TASK INPUTS START

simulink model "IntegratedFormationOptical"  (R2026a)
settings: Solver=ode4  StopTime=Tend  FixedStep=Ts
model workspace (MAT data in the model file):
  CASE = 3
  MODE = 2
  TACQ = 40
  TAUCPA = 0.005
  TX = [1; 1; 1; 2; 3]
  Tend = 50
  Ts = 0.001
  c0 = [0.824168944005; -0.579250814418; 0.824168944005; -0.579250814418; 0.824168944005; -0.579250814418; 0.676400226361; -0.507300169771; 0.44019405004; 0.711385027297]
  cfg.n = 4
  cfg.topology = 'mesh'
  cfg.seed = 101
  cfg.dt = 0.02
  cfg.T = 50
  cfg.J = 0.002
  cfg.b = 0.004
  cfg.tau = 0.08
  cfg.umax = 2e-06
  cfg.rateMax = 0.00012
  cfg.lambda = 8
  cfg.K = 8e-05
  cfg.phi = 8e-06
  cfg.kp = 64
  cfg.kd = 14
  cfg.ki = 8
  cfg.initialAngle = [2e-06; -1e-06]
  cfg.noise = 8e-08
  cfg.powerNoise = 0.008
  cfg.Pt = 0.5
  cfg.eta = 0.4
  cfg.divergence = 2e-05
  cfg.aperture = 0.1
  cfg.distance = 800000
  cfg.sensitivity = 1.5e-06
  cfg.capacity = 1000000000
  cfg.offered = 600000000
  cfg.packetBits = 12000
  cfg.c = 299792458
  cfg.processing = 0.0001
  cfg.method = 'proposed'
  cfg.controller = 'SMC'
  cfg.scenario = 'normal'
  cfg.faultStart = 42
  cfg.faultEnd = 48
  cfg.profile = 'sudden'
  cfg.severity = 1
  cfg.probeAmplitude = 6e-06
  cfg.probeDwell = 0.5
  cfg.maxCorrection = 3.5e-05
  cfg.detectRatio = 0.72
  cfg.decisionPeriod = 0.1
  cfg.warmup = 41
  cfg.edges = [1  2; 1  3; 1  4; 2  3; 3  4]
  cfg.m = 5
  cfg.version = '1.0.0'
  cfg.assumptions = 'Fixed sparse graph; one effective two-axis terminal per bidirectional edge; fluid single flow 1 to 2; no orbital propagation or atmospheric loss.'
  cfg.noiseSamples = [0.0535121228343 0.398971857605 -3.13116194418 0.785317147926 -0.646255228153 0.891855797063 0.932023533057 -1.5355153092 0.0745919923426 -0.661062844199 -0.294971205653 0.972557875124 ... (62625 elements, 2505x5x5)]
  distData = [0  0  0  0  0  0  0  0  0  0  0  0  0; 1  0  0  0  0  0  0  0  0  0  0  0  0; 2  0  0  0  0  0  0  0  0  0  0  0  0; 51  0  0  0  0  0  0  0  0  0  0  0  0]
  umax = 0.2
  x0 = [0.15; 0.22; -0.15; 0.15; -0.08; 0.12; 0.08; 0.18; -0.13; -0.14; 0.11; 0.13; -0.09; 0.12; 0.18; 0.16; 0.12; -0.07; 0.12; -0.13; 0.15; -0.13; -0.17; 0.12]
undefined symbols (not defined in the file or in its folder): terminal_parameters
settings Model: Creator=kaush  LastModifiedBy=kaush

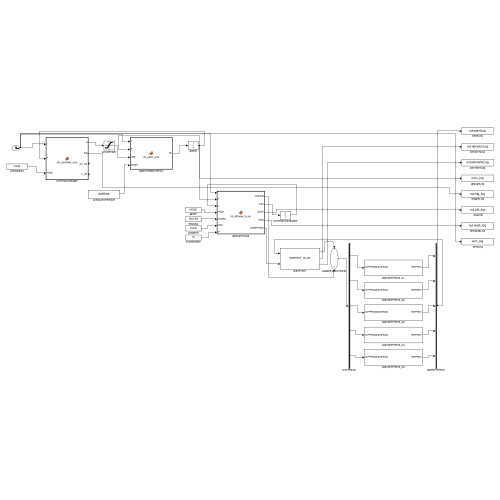
[thumbnail: Simulink's stored preview of the top-level diagram]
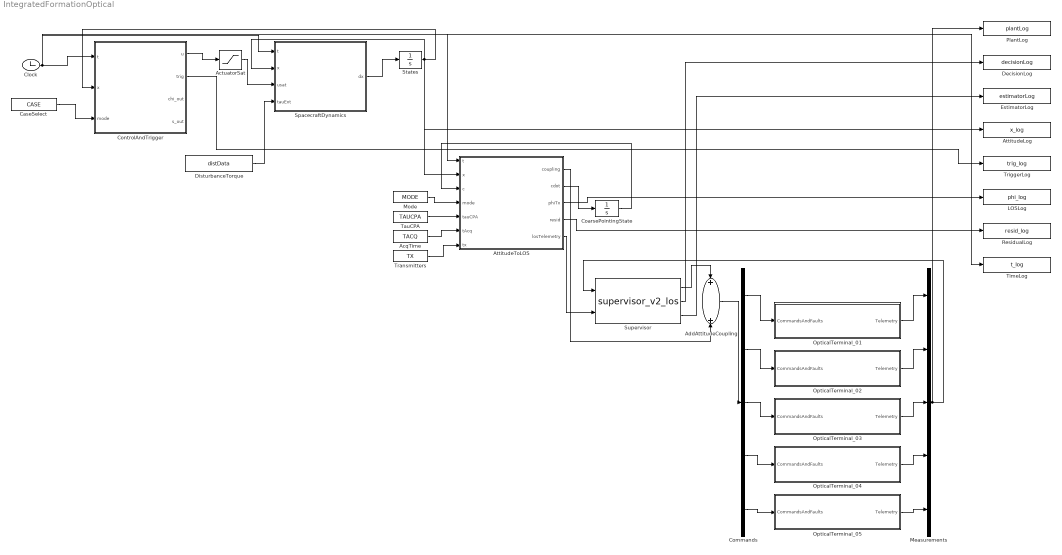
== system IntegratedFormationOptical ==
  AcqTime : Constant  Value=TACQ
  ActuatorSat : Saturate  UpperLimit=umax  LowerLimit=-umax
  AddAttitudeCoupling : Sum
  AttitudeLog : ToWorkspace  VariableName=x_log  SampleTime=cfg.dt
  AttitudeToLOS : MATLAB Function  TreatAsAtomicUnit=on
  CaseSelect : Constant  Value=CASE
  Clock : Clock
  CoarsePointingState : Integrator  InitialCondition=c0
  Commands : Demux  Outputs=[11 11 11 11 11]
  ControlAndTrigger : MATLAB Function  TreatAsAtomicUnit=on
  DecisionLog : ToWorkspace  VariableName=decisionLog  SaveFormat=Timeseries  SampleTime=-1
  DisturbanceTorque : FromWorkspace  VariableName=distData  Interpolate=off  OutputAfterFinalValue=Holding final value
  EstimatorLog : ToWorkspace  VariableName=estimatorLog  SaveFormat=Timeseries  SampleTime=-1
  LOSLog : ToWorkspace  VariableName=phi_log  SampleTime=cfg.dt
  Measurements : Mux  Inputs=5
  Mode : Constant  Value=MODE
  OpticalTerminal_01 : Subsystem
  OpticalTerminal_02 : Subsystem
  OpticalTerminal_03 : Subsystem
  OpticalTerminal_04 : Subsystem
  OpticalTerminal_05 : Subsystem
  PlantLog : ToWorkspace  VariableName=plantLog  SaveFormat=Timeseries  SampleTime=cfg.dt
  ResidualLog : ToWorkspace  VariableName=resid_log  SampleTime=cfg.dt
  SpacecraftDynamics : MATLAB Function  TreatAsAtomicUnit=on
  States : Integrator  InitialCondition=x0
  Supervisor : M-S-Function  FunctionName=supervisor_v2_los  Parameters=cfg
  TauCPA : Constant  Value=TAUCPA
  TimeLog : ToWorkspace  VariableName=t_log  SampleTime=cfg.dt
  Transmitters : Constant  Value=TX
  TriggerLog : ToWorkspace  VariableName=trig_log  SampleTime=Ts
  wires:
  Clock/1 -> ControlAndTrigger/1(t), SpacecraftDynamics/1(t), AttitudeToLOS/1(t), TimeLog/1
  States/1 -> ControlAndTrigger/2(x), SpacecraftDynamics/2(x), AttitudeToLOS/2(x), AttitudeLog/1
  CaseSelect/1 -> ControlAndTrigger/3(mode)
  ControlAndTrigger/1(u) -> ActuatorSat/1
  ActuatorSat/1 -> SpacecraftDynamics/3(usat)
  DisturbanceTorque/1 -> SpacecraftDynamics/4(tauExt)
  SpacecraftDynamics/1(dx) -> States/1
  CoarsePointingState/1 -> AttitudeToLOS/3(c)
  Mode/1 -> AttitudeToLOS/4(mode)
  TauCPA/1 -> AttitudeToLOS/5(tauCPA)
  AcqTime/1 -> AttitudeToLOS/6(tAcq)
  Transmitters/1 -> AttitudeToLOS/7(tx)
  AttitudeToLOS/2(cdot) -> CoarsePointingState/1
  Supervisor/1 -> AddAttitudeCoupling/1
  AttitudeToLOS/1(coupling) -> AddAttitudeCoupling/2
  AddAttitudeCoupling/1 -> Commands/1
  Commands/1 -> OpticalTerminal_01/1(CommandsAndFaults)
  OpticalTerminal_01/1(Telemetry) -> Measurements/1
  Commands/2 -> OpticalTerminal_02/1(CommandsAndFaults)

TASK INPUTS END

TASK REQUIREMENTS: If a line of the data above contains "Function", copy it out.

ANSWER SECTION:
  AttitudeToLOS : MATLAB Function  TreatAsAtomicUnit=on
  ControlAndTrigger : MATLAB Function  TreatAsAtomicUnit=on
  SpacecraftDynamics : MATLAB Function  TreatAsAtomicUnit=on
  Supervisor : M-S-Function  FunctionName=supervisor_v2_los  Parameters=cfg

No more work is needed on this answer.